> Exercise description
Look through the material below. Return exactly the lines from the one with "constraint coincident L1.end L2.start" through the one with "line L4 (-36.2, -4.675) -> (-40.2, -4.675)", both included.

Segment Open

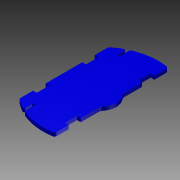
# Autodesk Inventor part: OpenROV 2.3 Dev EChassis Pivot Plate
Saved by Autodesk Inventor 2012 (Build 160160000, 160)
## iProperties
Created: 2011-12-20
Part Number: OpenROV 2.3 Dev EChassis Pivot Plate
Document SubType Name: Modeling
Designer: user
Density: 1 g/cm^3
Material: Default
Author: user
Autodesk Inventor part; units mm, degrees
ref_plane "YZ Plane" through (0, 0, 0) normal (1, 0, 0) x (0, 1, 0)
ref_plane "XZ Plane" through (0, 0, 0) normal (0, 1, 0) x (-1, 0, 0)
ref_plane "XY Plane" through (0, 0, 0) normal (0, 0, 1) x (1, 0, 0)
sketch "Sketch1" plane through (0, 0, 0) normal (0, 0, 1) x (1, 0, 0)
  line L0 (5.75, 25) -> (8.75, 25)
  line L1 (8.75, 35) -> (5.75, 35)
  line L2 (5.75, 35) -> (5.75, 25)
  line L3 (5.75, -25) -> (8.75, -25)
  line L4 (8.75, -35) -> (5.75, -35)
  line L5 (5.75, -35) -> (5.75, -25)
  arc A0 (9.8214, -7.7404) -> (9.8214, 7.7244) centre (0, -0.008) ccw
  line L6 (8.75, 25) -> (8.75, 10.8173)
  line L7 (8.75, -25) -> (8.75, -10.8333)
  arc A1 (8.75, 10.8173) -> (9.8214, 7.7244) centre (13.75, 10.8173) ccw
  arc A2 (9.8214, -7.7404) -> (8.75, -10.8333) centre (13.75, -10.8333) ccw
  line L8 (8.75, 35) -> (8.75, 44.4829)
  line L9 (8.75, -35) -> (8.75, -44.4989)
  line L10 (-30, 24.992) -> (-27, 24.992)
  line L11 (-27, 24.992) -> (-27, 14.992)
  line L12 (-27, 14.992) -> (-30, 14.992)
  line L13 (-30, -15.008) -> (-27, -15.008)
  line L14 (-27, -15.008) -> (-27, -25.1747)
  line L15 (-27, -25.1747) -> (-30, -25.1747)
  line L16 (-32, 25) -> (-32, 24.992)
  line L17 (-30, 14.992) -> (-30, -15.008)
  arc A3 (7.05, -46.4763) -> (8.75, -44.4989) centre (6.75, -44.4989) ccw
  arc A4 (8.75, 44.4829) -> (7.05, 46.4602) centre (6.75, 44.4829) ccw
  arc A5 (-21, 34.992) -> (-19, 34.992) centre (-20, 34.992) ccw
  arc A6 (-19, -35.1747) -> (-21, -35.1747) centre (-20, -35.1747) ccw
  line L18 (-21, 34.992) -> (-21, 40.39)
  line L19 (-19, 34.992) -> (-19, 42.324)
  line L20 (-21, -35.1747) -> (-21, -40.406)
  line L21 (-19, -35.1747) -> (-19, -42.34)
  arc A7 (-29.2444, -36.8015) -> (-22.4783, -41.2842) centre (0, -0.008) ccw
  arc A8 (-18.3913, -43.2603) -> (7.05, -46.4763) centre (0, -0.008) ccw
  arc A9 (7.05, 46.4602) -> (-18.3913, 43.2443) centre (0, -0.008) ccw
  arc A10 (-22.4783, 41.2682) -> (-29.2444, 36.7855) centre (0, -0.008) ccw
  arc A11 (-21, 40.39) -> (-22.4783, 41.2682) centre (-22, 40.39) ccw
  arc A12 (-18.3913, 43.2443) -> (-19, 42.324) centre (-18, 42.324) ccw
  arc A13 (-22.4783, -41.2842) -> (-21, -40.406) centre (-22, -40.406) ccw
  arc A14 (-19, -42.34) -> (-18.3913, -43.2603) centre (-18, -42.34) ccw
  line L22 (-30, 24.992) -> (-30, 35.2198)
  line L23 (-30, -25.1747) -> (-30, -35.2358)
  arc A15 (-29.2444, 36.7855) -> (-30, 35.2198) centre (-28, 35.2198) ccw
  arc A16 (-30, -35.2358) -> (-29.2444, -36.8015) centre (-28, -35.2358) ccw
  point P0 (8.75, 8.9188)
  point P1 (8.75, -8.9348)
  point P2 (8.75, 46.1703)
  point P3 (8.75, -46.1863)
  point P4 (-21, 42.0396)
  point P5 (-19, 42.9804)
  point P6 (-21, -42.0556)
  point P7 (-19, -42.9964)
  point P8 (-30, 36.1721)
  point P9 (-30, -36.1881)
  dimension "d13" = 10
  dimension "d17" = 10
  dimension "d70" = 3
  dimension "d72" = 3
  dimension "d107" = 25
  dimension "d108" = 5
  dimension "d114" = 10
  dimension "d115" = 10.1667
  dimension "d116" = 15
  dimension "d117" = 15
  dimension "d119" = 2
  dimension "d120" = 2
  dimension "d122" = 10
  dimension "d124" = 10
  dimension "d125" = 1
  dimension "d126" = 30
  dimension "d127" = 27
  dimension "d128" = 27
  dimension "d130" = 30
  dimension "d131" = 30
  dimension "d132" = 2
  constraints: 48 end point, 42 point on circle, 22 tangent, 17 centre point, 12 parallel, 11 point on line, 5 equal radius, 4 horizontal, 3 collinear, 2 perpendicular, 1 coincident
  measures "d13" distance of L1.end L0.start
  measures "d17" distance of L4.end L3.start
  measures "d70" distance of L1.start L1.end
  measures "d72" distance of L4.start L4.end
  measures "d107" diameter of A0
  measures "d108" radius of A1
  measures "d114" distance of L10.end L11.end
  measures "d115" distance of L13.end L14.end
  measures "d116" distance from line of A0.centre L13
  measures "d117" distance from line of L12 A0.centre
  measures "d119" diameter of A5
  measures "d120" diameter of A6
  measures "d122" distance from line of L10 A5.centre
  measures "d124" distance from line of L15 A6.centre
  measures "d125" radius of A11
  measures "d126" distance from line of A0.centre L17
  measures "d127" distance from line of A0.centre L14
  measures "d128" distance from line of A0.centre L11
  measures "d130" distance from line of A0.centre L23
  measures "d131" distance from line of A0.centre L22
  measures "d132" radius of A15
extrude "Extrusion6" add sketch "Sketch1" along normal blind 3
body "Solid6"
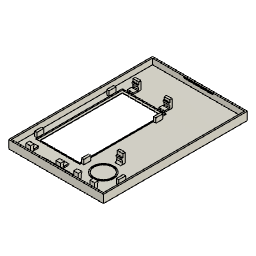
epaper Outer Case Top (Autodesk Fusion 360 design; units mm, degrees)
Autodesk Fusion 360 part; units mm, degrees
sketch "Sketch2" plane through (0, 0, 0) normal (0, 0, 1) x (1, 0, 0)
  line L0 (0, 0) -> (82, 0)
  line L1 (82, 0) -> (82, 124.4)
  line L2 (82, 124.4) -> (0, 124.4)
  line L3 (0, 124.4) -> (0, 0)
  dimension "d135" = 124.4
  dimension "d136" = 82
  constraint horizontal L0
  constraint vertical L1
  constraint horizontal L2
  constraint vertical L3
  constraint coincident L0.start L3.end
  measures "d135" distance of L0.start L2.end
  measures "d136" distance of L0.start L0.end
extrude "Extrude4" add sketch "Sketch2" along normal blind 2
sketch "Sketch3" plane through (0, 0, 2) normal (0, 0, 1) x (-1, 0, 0)
  line L0 (0, -124.4) -> (0, 0)
  line L1 (0, 0) -> (-82, 0)
  line L2 (-82, 0) -> (-82, -124.4)
  line L3 (-82, -124.4) -> (0, -124.4)
  line L4 (-1.25, -1.25) -> (-80.75, -1.25)
  line L5 (-80.75, -1.25) -> (-80.75, -123.15)
  line L6 (-80.75, -123.15) -> (-1.25, -123.15)
  line L7 (-1.25, -123.15) -> (-1.25, -1.25)
  line L8 (-51.575, -4.675) -> (-55.575, -4.675)
  line L9 (-55.575, -4.675) -> (-55.575, -7.175)
  line L10 (-55.575, -7.175) -> (-51.575, -7.175)
  line L11 (-51.575, -7.175) -> (-51.575, -4.675)
  line L12 (-65.625, -4.675) -> (-69.625, -4.675)
  line L13 (-69.625, -4.675) -> (-69.625, -7.175)
  line L14 (-69.625, -7.175) -> (-65.625, -7.175)
  line L15 (-65.625, -7.175) -> (-65.625, -4.675)
  line L16 (-58.1, -35.275) -> (-63.1, -35.275)
  line L17 (-63.1, -35.275) -> (-63.1, -37.775)
  line L18 (-63.1, -37.775) -> (-58.1, -37.775)
  line L19 (-58.1, -37.775) -> (-58.1, -35.275)
  line L20 (-74.75, -24.5) -> (-76.75, -24.5)
  line L21 (-76.75, -24.5) -> (-76.75, -18.5)
  line L22 (-76.75, -18.5) -> (-74.75, -18.5)
  line L23 (-74.75, -18.5) -> (-74.75, -24.5)
  line L24 (-44.45, -24.5) -> (-46.45, -24.5)
  line L25 (-46.45, -24.5) -> (-46.45, -18.5)
  line L26 (-46.45, -18.5) -> (-44.45, -18.5)
  line L27 (-44.45, -18.5) -> (-44.45, -24.5)
  circle A0 centre (-60.6, -21.25) radius 8.0623
  circle A1 centre (-60.6, -21.25) radius 9.0623
  line L28 (0, 0) -> (-82, 0)
  line L29 (0, -124.4) -> (0, 0)
  line L30 (-80.75, -110) -> (-80.75, -72)
  line L31 (-46.45, -80.825) -> (-44.45, -80.825)
  line L32 (-44.45, -80.825) -> (-44.45, -86.825)
  line L33 (-44.45, -86.825) -> (-46.45, -86.825)
  line L34 (-46.45, -86.825) -> (-46.45, -80.825)
  line L35 (-3.95, -86.825) -> (-5.95, -86.825)
  line L36 (-5.95, -86.825) -> (-5.95, -80.825)
  line L37 (-5.95, -80.825) -> (-3.95, -80.825)
  line L38 (-3.95, -80.825) -> (-3.95, -86.825)
  line L39 (-3.95, -24.5) -> (-5.95, -24.5)
  line L40 (-5.95, -24.5) -> (-5.95, -18.5)
  line L41 (-5.95, -18.5) -> (-3.95, -18.5)
  line L42 (-3.95, -18.5) -> (-3.95, -24.5)
  line L43 (-10.2, -7.175) -> (-14.2, -7.175)
  line L44 (-14.2, -7.175) -> (-14.2, -4.675)
  line L45 (-14.2, -4.675) -> (-10.2, -4.675)
  line L46 (-10.2, -4.675) -> (-10.2, -7.175)
  line L47 (-36.2, -7.175) -> (-40.2, -7.175)
  line L48 (-40.2, -7.175) -> (-40.2, -4.675)
  line L49 (-40.2, -4.675) -> (-36.2, -4.675)
  line L50 (-36.2, -4.675) -> (-36.2, -7.175)
  line L51 (-10.2, -99.325) -> (-15.2, -99.325)
  line L52 (-15.2, -99.325) -> (-15.2, -97.075)
  line L53 (-15.2, -97.075) -> (-10.2, -97.075)
  line L54 (-10.2, -97.075) -> (-10.2, -99.325)
  line L55 (-37.2, -99.325) -> (-42.2, -99.325)
  line L56 (-42.2, -99.325) -> (-42.2, -97.075)
  line L57 (-42.2, -97.075) -> (-37.2, -97.075)
  line L58 (-37.2, -97.075) -> (-37.2, -99.325)
  line L59 (-10.2, -8.175) -> (-14.2, -8.175)
  line L60 (-14.2, -8.175) -> (-14.2, -11.675)
  line L61 (-14.2, -11.675) -> (-10.2, -11.675)
  line L62 (-10.2, -11.675) -> (-10.2, -8.175)
  line L63 (-40.2, -8.175) -> (-36.2, -8.175)
  line L64 (-36.2, -8.175) -> (-36.2, -11.675)
  line L65 (-36.2, -11.675) -> (-40.2, -11.675)
  line L66 (-40.2, -11.675) -> (-40.2, -8.175)
  line L67 (-10.2, -96.075) -> (-15.2, -96.075)
  line L68 (-15.2, -96.075) -> (-15.2, -92.575)
  line L69 (-15.2, -92.575) -> (-10.2, -92.575)
  line L70 (-10.2, -92.575) -> (-10.2, -96.075)
  line L71 (-42.2, -96.075) -> (-37.2, -96.075)
  line L72 (-37.2, -96.075) -> (-37.2, -92.575)
  line L73 (-37.2, -92.575) -> (-42.2, -92.575)
  line L74 (-42.2, -92.575) -> (-42.2, -96.075)
  line L75 (-8.2, -90.175) -> (-42.2, -90.175)
  line L76 (-42.2, -90.175) -> (-42.2, -19.175)
  line L77 (-42.2, -19.175) -> (-8.2, -19.175)
  line L78 (-8.2, -19.175) -> (-8.2, -90.175)
  line L79 (-6.2, -17.175) -> (-6.2, -92.175)
  line L80 (-6.2, -92.175) -> (-44.2, -92.175)
  line L81 (-44.2, -92.175) -> (-44.2, -17.175)
  line L82 (-44.2, -17.175) -> (-6.2, -17.175)
  dimension "d82" = -1.25
  dimension "d87" = 4
  dimension "d88" = 2.5
  dimension "d89" = 4
  dimension "d90" = 2.5
  dimension "d93" = 5
  dimension "d94" = 2.5
  dimension "d96" = 2
  dimension "d97" = 6
  dimension "d98" = 2
  dimension "d99" = 6
  dimension "d102" = 11.65
  dimension "d103" = 28.3
  dimension "d104" = 1
  dimension "d122" = 14.15
  dimension "d129" = 79.5
  dimension "d131" = 20
  dimension "d137" = 82
  dimension "d169" = 28.1
  dimension "d170" = 14.025
  dimension "d193" = 124.4
  dimension "d213" = 20.15
  dimension "d216" = 5.025
  dimension "d217" = 10.05
  dimension "d222" = 2
  dimension "d223" = 6
  dimension "d224" = 2
  dimension "d225" = 6
  dimension "d226" = 2
  dimension "d227" = 6
  dimension "d228" = 38.5
  dimension "d229" = 22
  dimension "d230" = 8.25
  dimension "d231" = 2.5
  dimension "d232" = 2.5
  dimension "d234" = 5
  dimension "d235" = 2.25
  dimension "d236" = 89.9
  dimension "d237" = 4
  dimension "d238" = 4
  dimension "d239" = 2.25
  dimension "d240" = 5
  dimension "d241" = 22
  dimension "d242" = 10.25
  dimension "d243" = 4
  dimension "d244" = 3.5
  dimension "d245" = 4
  dimension "d246" = 3.5
  dimension "d247" = 5
  dimension "d248" = 3.5
  dimension "d249" = 5
  dimension "d250" = 3.5
  dimension "d251" = 1
  dimension "d252" = 1
  dimension "d257" = 34
  dimension "d258" = 71
  dimension "d259" = 12
  dimension "d260" = 2.25
  dimension "d263" = -2
  constraint horizontal L8
  constraint vertical L9
  constraint horizontal L10
  constraint vertical L11
  constraint horizontal L12
  constraint vertical L13
  constraint horizontal L14
  constraint vertical L15
  constraint horizontal L16
  constraint vertical L17
  constraint horizontal L18
  constraint vertical L19
  constraint horizontal L10.end L14.end
  constraint horizontal L20
  constraint vertical L21
  constraint horizontal L22
  constraint vertical L23
  constraint horizontal L24
  constraint vertical L25
  constraint horizontal L26
  constraint vertical L27
  constraint horizontal L20.start L24.end
  constraint vertical L30
  constraint coincident L5 L30.end
  constraint horizontal L31
  constraint vertical L32
  constraint horizontal L33
  constraint vertical L34
  constraint collinear L27 L32
  constraint horizontal L35
  constraint vertical L36
  constraint horizontal L37
  constraint vertical L38
  constraint horizontal L39
  constraint vertical L40
  constraint horizontal L41
  constraint vertical L42
  constraint collinear L38 L42
  constraint collinear L24 L39
  constraint collinear L33 L35
  constraint horizontal L43
  constraint vertical L44
  constraint horizontal L45
  constraint vertical L46
  constraint horizontal L47
  constraint vertical L48
  constraint horizontal L49
  constraint vertical L50
  constraint collinear L43 L47
  constraint horizontal L51
  constraint vertical L52
  constraint horizontal L53
  constraint vertical L54
  constraint collinear L46 L54
  constraint horizontal L55
  constraint vertical L56
  constraint horizontal L57
  constraint vertical L58
  constraint collinear L51 L55
  constraint horizontal L59
  constraint vertical L60
  constraint horizontal L61
  constraint vertical L62
  constraint horizontal L63
  constraint vertical L64
  constraint horizontal L65
  constraint vertical L66
  constraint horizontal L67
  constraint vertical L68
  constraint horizontal L69
  constraint vertical L70
  constraint horizontal L71
  constraint vertical L72
  constraint horizontal L73
  constraint vertical L74
  constraint collinear L67 L71
  constraint collinear L59 L63
  constraint collinear L46 L62
  constraint collinear L48 L66
  constraint collinear L54 L70
  constraint collinear L56 L74
  constraint horizontal L75
  constraint vertical L76
  constraint horizontal L77
  constraint vertical L78
  constraint collinear L8 L45
  measures "d87" distance of L8.start L8.end
  measures "d88" distance of L8.start L10.end
  measures "d89" distance of L12.start L12.end
  measures "d90" distance of L12.start L14.end
  measures "d93" distance of L16.start L16.end
  measures "d94" distance of L16.start L18.end
  measures "d96" distance of L20.start L20.end
  measures "d97" distance of L20.start L22.end
  measures "d98" distance of L24.start L24.end
  measures "d99" distance of L24.start L26.end
  measures "d102" distance of L17 L23
  measures "d103" distance of L23 L25
  measures "d122" distance of L25 A0.centre
  measures "d129" distance of L5 L7
  measures "d131" distance of L4 A0.centre
  measures "d137" distance of L0.end L1.end
  measures "d169" distance of L14 L16
  measures "d170" distance of L16 A0.centre
  measures "d193" distance of L0.start L0.end
  measures "d213" distance of L5 A0.centre
  measures "d216" distance of L9 A0.centre
  measures "d217" distance of L9 L15
  measures "d222" distance of L31.start L31.end
  measures "d223" distance of L31.start L33.end
  measures "d224" distance of L35.start L35.end
  measures "d225" distance of L35.start L37.end
  measures "d226" distance of L39.start L39.end
  measures "d227" distance of L39.start L41.end
  measures "d228" distance of L32 L36
  measures "d229" distance of L44 L50
  measures "d230" distance of L27 L50
  measures "d231" distance of L43.start L45.end
  measures "d232" distance of L47.end L48.end
  measures "d234" distance of L51.start L51.end
  measures "d235" distance of L51.start L53.end
  measures "d236" distance of L43 L53
  measures "d237" distance of L44.end L45.end
  measures "d238" distance of L48.end L49.end
  measures "d239" distance of L55.start L57.end
  measures "d240" distance of L55.start L55.end
  measures "d241" distance of L52 L58
  measures "d242" distance of L33 L56.end
  measures "d243" distance of L59.start L59.end
  measures "d244" distance of L59.start L61.end
  measures "d245" distance of L63.start L63.end
  measures "d246" distance of L63.start L65.end
  measures "d247" distance of L67.start L67.end
  measures "d248" distance of L67.start L69.end
  measures "d249" distance of L71.start L71.end
  measures "d250" distance of L71.start L73.end
  measures "d251" distance of L53 L67
  measures "d252" distance of L43 L59
  measures "d257" distance of L76 L78
  measures "d258" distance of L75 L77
  measures "d259" distance of L43 L77
  measures "d260" distance of L36 L78
extrude "Extrude26" cut sketch "Sketch3" against normal blind 1 contours L79 L80 L81 L82
extrude "Extrude25" cut sketch "Sketch3" against normal blind 4 contours L75 L76 L77 L78
extrude "Extrude24" add sketch "Sketch3" along normal blind 3 contours L43 L44 L45 L46 | L47 L48 L49 L50 | L51 L52 L53 L54 | L55 L56 L57 L58
extrude "Extrude23" add sketch "Sketch3" along normal blind 1.2 contours L59 L60 L61 L62 | L63 L64 L65 L66 | L67 L68 L69 L70 | L71 L72 L73 L74
extrude "Extrude11" add sketch "Sketch3" along normal blind 0.3 contours A1
extrude "Extrude12" add sketch "Sketch3" along normal blind 4 contours L20 L21 L22 L23 | L24 L25 L26 L27 | L31 L32 L33 L34 | L35 L36 L37 L38 | L39 L40 L41 L42
extrude "Extrude13" add sketch "Sketch3" along normal blind 3.23 contours L8 L9 L10 L11 | L12 L13 L14 L15 | L16 L17 L18 L19
sketch "Sketch7" plane through (0, 0, 5.23) normal (0, 0, 1) x (-1, 0, 0)
  line L0 (-58.1, -37.775) -> (-63.1, -37.775)
  line L1 (-63.1, -37.775) -> (-63.1, -34.775)
  line L2 (-63.1, -34.775) -> (-58.1, -34.775)
  line L3 (-58.1, -34.775) -> (-58.1, -37.775)
  line L4 (-51.575, -4.675) -> (-55.575, -4.675)
  line L5 (-55.575, -4.675) -> (-55.575, -7.675)
  line L6 (-55.575, -7.675) -> (-51.575, -7.675)
  line L7 (-51.575, -7.675) -> (-51.575, -4.675)
  line L8 (-65.625, -4.675) -> (-69.625, -4.675)
  line L9 (-69.625, -4.675) -> (-69.625, -7.675)
  line L10 (-69.625, -7.675) -> (-65.625, -7.675)
  line L11 (-65.625, -7.675) -> (-65.625, -4.675)
  line L12 (-58.1, -37.775) -> (-58.1, -35.275)
  line L13 (-58.1, -35.275) -> (-63.1, -35.275)
  line L14 (-63.1, -35.275) -> (-63.1, -37.775)
  line L15 (-63.1, -37.775) -> (-58.1, -37.775)
  line L16 (-65.625, -7.175) -> (-65.625, -4.675)
  line L17 (-65.625, -4.675) -> (-69.625, -4.675)
  line L18 (-69.625, -4.675) -> (-69.625, -7.175)
  line L19 (-69.625, -7.175) -> (-65.625, -7.175)
  line L20 (-51.575, -7.175) -> (-51.575, -4.675)
  line L21 (-51.575, -4.675) -> (-55.575, -4.675)
  line L22 (-55.575, -4.675) -> (-55.575, -7.175)
  line L23 (-55.575, -7.175) -> (-51.575, -7.175)
  point P0 (-58.1, -37.775)
  point P1 (-51.575, -4.675)
  point P2 (-65.625, -4.675)
  point P3 (-63.1, -37.775)
  dimension "d112" = 3
  dimension "d113" = 4
  dimension "d114" = 3
  dimension "d115" = 4
  dimension "d116" = 3
  constraint horizontal L0
  constraint vertical L1
  constraint horizontal L2
  constraint vertical L3
  constraint horizontal L4
  constraint vertical L5
  constraint horizontal L6
  constraint vertical L7
  constraint horizontal L8
  constraint vertical L9
  constraint horizontal L10
  constraint vertical L11
  constraint coincident P0 L0.start
  constraint coincident P1 L4.start
  constraint coincident P2 L8.start
  constraint coincident P3 L0.end
  measures "d112" distance of P0 L2.end
  measures "d113" distance of P1 L4.end
  measures "d114" distance of P1 L6.end
  measures "d115" distance of P2 L8.end
  measures "d116" distance of P2 L10.end
extrude "Extrude14" add sketch "Sketch7" along normal blind 1.8
extrude "Extrude10" add sketch "Sketch3" along normal blind 5 contours L0 L1 L2 L3 L28 L29
sketch "Sketch12" plane through (0, 0, 7.03) normal (0, 0, 1) x (-1, 0, 0)
  line L0 (-58.1, -34.775) -> (-63.1, -34.775)
  line L1 (-63.1, -34.775) -> (-63.1, -37.775)
  line L2 (-63.1, -37.775) -> (-58.1, -37.775)
  line L3 (-58.1, -37.775) -> (-58.1, -34.775)
  line L4 (-58.1, -37.775) -> (-63.1, -37.775)
  line L5 (-63.1, -37.775) -> (-63.1, -35.775)
  line L6 (-63.1, -35.775) -> (-58.1, -35.775)
  line L7 (-58.1, -35.775) -> (-58.1, -37.775)
  dimension "d160" = 2
  constraint horizontal L4
  constraint vertical L5
  constraint horizontal L6
  constraint vertical L7
  constraint coincident L2.end L3.start
  constraint coincident L1.end L2.start
  measures "d160" distance of L2.end L6.end
extrude "Extrude18" add sketch "Sketch12" along normal blind 3 contours L1 L2 L3 L4 L5 L6 L7
chamfer "Chamfer5" distance 0.5 angle 45 3 edges at (60.6, 34.775, 5.23) (53.575, 7.675, 5.23) (67.625, 7.675, 5.23)
sketch "Sketch19" plane through (0, 0, 5) normal (0, 0, 1) x (-1, 0, 0)
  line L0 (-10.2, -4.675) -> (-14.2, -4.675)
  line L1 (-14.2, -4.675) -> (-14.2, -7.175)
  line L2 (-14.2, -7.175) -> (-10.2, -7.175)
  line L3 (-10.2, -7.175) -> (-10.2, -4.675)
  line L4 (-10.2, -4.675) -> (-14.2, -4.675)
  line L5 (-14.2, -4.675) -> (-14.2, -7.775)
  line L6 (-14.2, -7.775) -> (-10.2, -7.775)
  line L7 (-10.2, -7.775) -> (-10.2, -4.675)
  dimension "d267" = 4
  dimension "d268" = 3.1
  constraint horizontal L4
  constraint vertical L5
  constraint horizontal L6
  constraint vertical L7
  constraint coincident L0.start L3.end
  measures "d267" distance of L0.start L0.end
  measures "d268" distance of L0.start L6.end
extrude "Extrude27" add sketch "Sketch19" along normal blind 2
sketch "Sketch20" plane through (0, 0, 5) normal (0, 0, 1) x (-1, 0, 0)
  line L0 (-36.2, -4.675) -> (-40.2, -4.675)
  line L1 (-40.2, -4.675) -> (-40.2, -7.175)
  line L2 (-40.2, -7.175) -> (-36.2, -7.175)
  line L3 (-36.2, -7.175) -> (-36.2, -4.675)
  line L4 (-36.2, -4.675) -> (-40.2, -4.675)
  line L5 (-40.2, -4.675) -> (-40.2, -7.775)
  line L6 (-40.2, -7.775) -> (-36.2, -7.775)
  line L7 (-36.2, -7.775) -> (-36.2, -4.675)
  dimension "d271" = 4
  dimension "d272" = 3.1
  constraint horizontal L4
  constraint vertical L5
  constraint horizontal L6
  constraint vertical L7
  constraint coincident L0.start L3.end
  measures "d271" distance of L0.start L0.end
  measures "d272" distance of L0.start L6.end
extrude "Extrude28" add sketch "Sketch20" along normal blind 2
sketch "Sketch21" plane through (0, 0, 5) normal (0, 0, 1) x (-1, 0, 0)
  line L0 (-10.2, -97.075) -> (-15.2, -97.075)
  line L1 (-15.2, -97.075) -> (-15.2, -99.325)
  line L2 (-15.2, -99.325) -> (-10.2, -99.325)
  line L3 (-10.2, -99.325) -> (-10.2, -97.075)
  line L4 (-10.2, -99.325) -> (-15.2, -99.325)
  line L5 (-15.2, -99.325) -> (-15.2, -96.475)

Segment Closed

> Finished task
  constraint coincident L1.end L2.start
  measures "d160" distance of L2.end L6.end
extrude "Extrude18" add sketch "Sketch12" along normal blind 3 contours L1 L2 L3 L4 L5 L6 L7
chamfer "Chamfer5" distance 0.5 angle 45 3 edges at (60.6, 34.775, 5.23) (53.575, 7.675, 5.23) (67.625, 7.675, 5.23)
sketch "Sketch19" plane through (0, 0, 5) normal (0, 0, 1) x (-1, 0, 0)
  line L0 (-10.2, -4.675) -> (-14.2, -4.675)
  line L1 (-14.2, -4.675) -> (-14.2, -7.175)
  line L2 (-14.2, -7.175) -> (-10.2, -7.175)
  line L3 (-10.2, -7.175) -> (-10.2, -4.675)
  line L4 (-10.2, -4.675) -> (-14.2, -4.675)
  line L5 (-14.2, -4.675) -> (-14.2, -7.775)
  line L6 (-14.2, -7.775) -> (-10.2, -7.775)
  line L7 (-10.2, -7.775) -> (-10.2, -4.675)
  dimension "d267" = 4
  dimension "d268" = 3.1
  constraint horizontal L4
  constraint vertical L5
  constraint horizontal L6
  constraint vertical L7
  constraint coincident L0.start L3.end
  measures "d267" distance of L0.start L0.end
  measures "d268" distance of L0.start L6.end
extrude "Extrude27" add sketch "Sketch19" along normal blind 2
sketch "Sketch20" plane through (0, 0, 5) normal (0, 0, 1) x (-1, 0, 0)
  line L0 (-36.2, -4.675) -> (-40.2, -4.675)
  line L1 (-40.2, -4.675) -> (-40.2, -7.175)
  line L2 (-40.2, -7.175) -> (-36.2, -7.175)
  line L3 (-36.2, -7.175) -> (-36.2, -4.675)
  line L4 (-36.2, -4.675) -> (-40.2, -4.675)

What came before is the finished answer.